• [REQUIREMENT] Using the entries that follow, write out the line containing "Sum18 : Sum", the line containing "LTI System25/1 ->", and every line between them, exactly and nothing else.

• [EXCERPTED RECORDS]
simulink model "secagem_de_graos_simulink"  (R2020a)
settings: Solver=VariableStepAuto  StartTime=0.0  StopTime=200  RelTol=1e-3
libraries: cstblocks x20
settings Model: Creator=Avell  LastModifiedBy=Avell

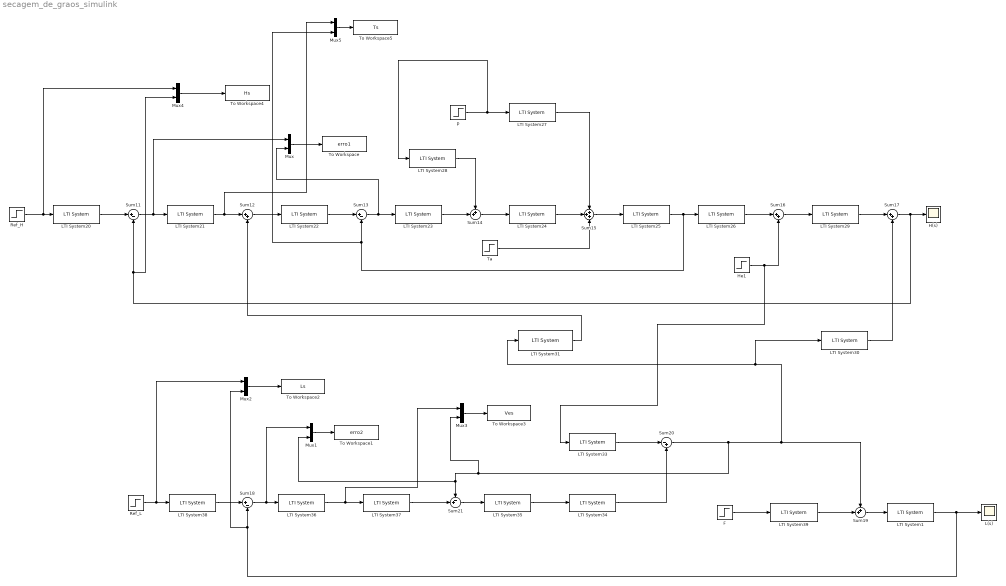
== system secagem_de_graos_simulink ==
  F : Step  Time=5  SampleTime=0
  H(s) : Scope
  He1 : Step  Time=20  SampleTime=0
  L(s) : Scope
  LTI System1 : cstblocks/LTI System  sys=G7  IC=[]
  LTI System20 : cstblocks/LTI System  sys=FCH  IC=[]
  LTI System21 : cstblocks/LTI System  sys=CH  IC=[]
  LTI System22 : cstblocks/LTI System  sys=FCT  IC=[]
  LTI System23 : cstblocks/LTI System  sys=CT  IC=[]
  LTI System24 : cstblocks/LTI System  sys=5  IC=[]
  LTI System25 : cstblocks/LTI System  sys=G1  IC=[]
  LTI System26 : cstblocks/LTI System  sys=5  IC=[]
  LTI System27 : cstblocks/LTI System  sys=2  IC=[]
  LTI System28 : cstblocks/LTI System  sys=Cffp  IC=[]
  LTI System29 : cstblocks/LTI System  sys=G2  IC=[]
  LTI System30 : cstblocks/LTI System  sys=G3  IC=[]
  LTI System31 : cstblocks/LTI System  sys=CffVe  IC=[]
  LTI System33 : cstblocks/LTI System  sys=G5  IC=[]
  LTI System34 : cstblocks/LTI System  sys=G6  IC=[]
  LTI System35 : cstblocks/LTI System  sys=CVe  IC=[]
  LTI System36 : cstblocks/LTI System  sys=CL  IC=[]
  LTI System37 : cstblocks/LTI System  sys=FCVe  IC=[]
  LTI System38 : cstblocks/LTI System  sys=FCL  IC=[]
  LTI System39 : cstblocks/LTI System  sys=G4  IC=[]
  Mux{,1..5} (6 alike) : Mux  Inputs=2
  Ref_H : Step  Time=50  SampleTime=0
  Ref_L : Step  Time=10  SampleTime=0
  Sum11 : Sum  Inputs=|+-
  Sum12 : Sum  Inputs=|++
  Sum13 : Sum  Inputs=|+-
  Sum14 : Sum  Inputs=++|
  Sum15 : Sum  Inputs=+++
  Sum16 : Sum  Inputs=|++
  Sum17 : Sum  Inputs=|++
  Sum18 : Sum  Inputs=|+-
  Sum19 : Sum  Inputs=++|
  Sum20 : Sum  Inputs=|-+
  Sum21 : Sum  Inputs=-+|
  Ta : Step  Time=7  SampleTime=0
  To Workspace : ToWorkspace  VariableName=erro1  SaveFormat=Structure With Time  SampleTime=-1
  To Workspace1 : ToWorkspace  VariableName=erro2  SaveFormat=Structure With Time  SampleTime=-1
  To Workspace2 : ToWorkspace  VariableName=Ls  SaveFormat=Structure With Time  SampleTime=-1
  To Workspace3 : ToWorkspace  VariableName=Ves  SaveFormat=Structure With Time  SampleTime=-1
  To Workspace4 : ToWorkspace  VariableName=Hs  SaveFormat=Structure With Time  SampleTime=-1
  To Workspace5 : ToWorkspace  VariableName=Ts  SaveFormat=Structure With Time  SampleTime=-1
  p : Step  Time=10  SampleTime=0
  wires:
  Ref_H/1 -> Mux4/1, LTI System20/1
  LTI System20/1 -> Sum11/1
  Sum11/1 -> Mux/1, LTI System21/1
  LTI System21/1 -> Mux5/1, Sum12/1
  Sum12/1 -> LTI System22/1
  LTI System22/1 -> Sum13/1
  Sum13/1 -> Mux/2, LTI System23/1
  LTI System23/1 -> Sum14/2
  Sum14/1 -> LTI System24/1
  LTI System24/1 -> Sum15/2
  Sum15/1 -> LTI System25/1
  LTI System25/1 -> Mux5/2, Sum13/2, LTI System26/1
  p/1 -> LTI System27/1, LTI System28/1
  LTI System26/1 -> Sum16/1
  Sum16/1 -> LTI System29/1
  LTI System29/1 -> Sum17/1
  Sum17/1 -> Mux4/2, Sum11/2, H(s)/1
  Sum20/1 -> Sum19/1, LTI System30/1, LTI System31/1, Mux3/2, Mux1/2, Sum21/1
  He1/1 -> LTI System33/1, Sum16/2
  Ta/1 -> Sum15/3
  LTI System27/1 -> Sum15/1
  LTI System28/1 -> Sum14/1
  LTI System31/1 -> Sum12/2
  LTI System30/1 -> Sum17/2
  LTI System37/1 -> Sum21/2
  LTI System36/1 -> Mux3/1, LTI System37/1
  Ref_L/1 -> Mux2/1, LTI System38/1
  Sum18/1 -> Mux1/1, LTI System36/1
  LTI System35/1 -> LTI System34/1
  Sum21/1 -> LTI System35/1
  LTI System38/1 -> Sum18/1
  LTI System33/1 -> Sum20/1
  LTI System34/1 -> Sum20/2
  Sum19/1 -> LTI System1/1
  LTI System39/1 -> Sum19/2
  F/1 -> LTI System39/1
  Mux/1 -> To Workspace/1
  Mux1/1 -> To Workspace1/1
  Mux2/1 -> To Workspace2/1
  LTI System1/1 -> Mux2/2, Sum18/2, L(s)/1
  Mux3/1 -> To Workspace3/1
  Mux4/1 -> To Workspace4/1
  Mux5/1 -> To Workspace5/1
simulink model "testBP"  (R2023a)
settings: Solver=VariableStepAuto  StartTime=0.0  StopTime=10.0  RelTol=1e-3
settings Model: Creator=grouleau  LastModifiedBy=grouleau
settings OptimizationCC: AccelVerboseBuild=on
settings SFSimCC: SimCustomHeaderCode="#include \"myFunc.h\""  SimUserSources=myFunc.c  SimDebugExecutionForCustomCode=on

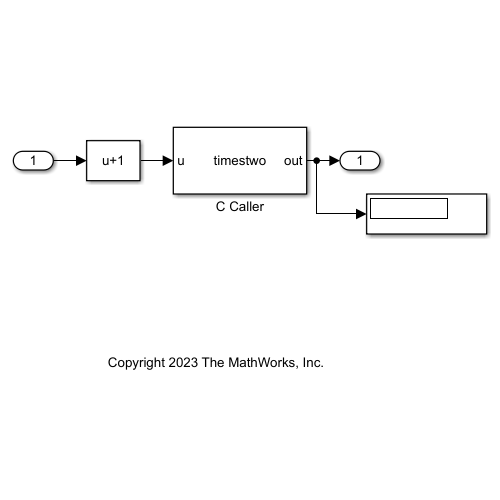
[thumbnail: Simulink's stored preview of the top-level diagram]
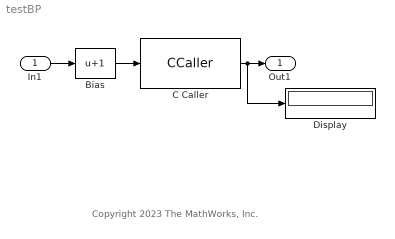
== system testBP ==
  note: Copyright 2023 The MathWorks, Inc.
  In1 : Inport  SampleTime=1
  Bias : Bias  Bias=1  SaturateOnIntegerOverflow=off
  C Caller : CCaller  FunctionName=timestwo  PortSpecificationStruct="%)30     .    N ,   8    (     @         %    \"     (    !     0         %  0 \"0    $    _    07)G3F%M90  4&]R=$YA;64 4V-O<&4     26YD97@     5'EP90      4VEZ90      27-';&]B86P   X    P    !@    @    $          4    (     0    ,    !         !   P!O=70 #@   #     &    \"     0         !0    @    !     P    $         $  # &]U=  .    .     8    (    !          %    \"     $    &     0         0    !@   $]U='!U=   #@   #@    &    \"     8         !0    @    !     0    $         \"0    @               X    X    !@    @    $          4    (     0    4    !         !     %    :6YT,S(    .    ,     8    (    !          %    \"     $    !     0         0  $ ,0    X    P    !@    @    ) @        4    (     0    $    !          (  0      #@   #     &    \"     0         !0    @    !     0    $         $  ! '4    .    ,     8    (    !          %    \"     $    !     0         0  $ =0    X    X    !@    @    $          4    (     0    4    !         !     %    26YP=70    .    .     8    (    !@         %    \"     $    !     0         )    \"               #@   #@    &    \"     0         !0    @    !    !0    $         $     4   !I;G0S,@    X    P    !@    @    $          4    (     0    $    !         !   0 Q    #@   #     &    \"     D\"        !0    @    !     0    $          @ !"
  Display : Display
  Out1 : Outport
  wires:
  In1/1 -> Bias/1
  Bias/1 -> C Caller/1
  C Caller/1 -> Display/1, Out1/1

• [ANSWER FOR THIS EXERCISE]
  Sum18 : Sum  Inputs=|+-
  Sum19 : Sum  Inputs=++|
  Sum20 : Sum  Inputs=|-+
  Sum21 : Sum  Inputs=-+|
  Ta : Step  Time=7  SampleTime=0
  To Workspace : ToWorkspace  VariableName=erro1  SaveFormat=Structure With Time  SampleTime=-1
  To Workspace1 : ToWorkspace  VariableName=erro2  SaveFormat=Structure With Time  SampleTime=-1
  To Workspace2 : ToWorkspace  VariableName=Ls  SaveFormat=Structure With Time  SampleTime=-1
  To Workspace3 : ToWorkspace  VariableName=Ves  SaveFormat=Structure With Time  SampleTime=-1
  To Workspace4 : ToWorkspace  VariableName=Hs  SaveFormat=Structure With Time  SampleTime=-1
  To Workspace5 : ToWorkspace  VariableName=Ts  SaveFormat=Structure With Time  SampleTime=-1
  p : Step  Time=10  SampleTime=0
  wires:
  Ref_H/1 -> Mux4/1, LTI System20/1
  LTI System20/1 -> Sum11/1
  Sum11/1 -> Mux/1, LTI System21/1
  LTI System21/1 -> Mux5/1, Sum12/1
  Sum12/1 -> LTI System22/1
  LTI System22/1 -> Sum13/1
  Sum13/1 -> Mux/2, LTI System23/1
  LTI System23/1 -> Sum14/2
  Sum14/1 -> LTI System24/1
  LTI System24/1 -> Sum15/2
  Sum15/1 -> LTI System25/1
  LTI System25/1 -> Mux5/2, Sum13/2, LTI System26/1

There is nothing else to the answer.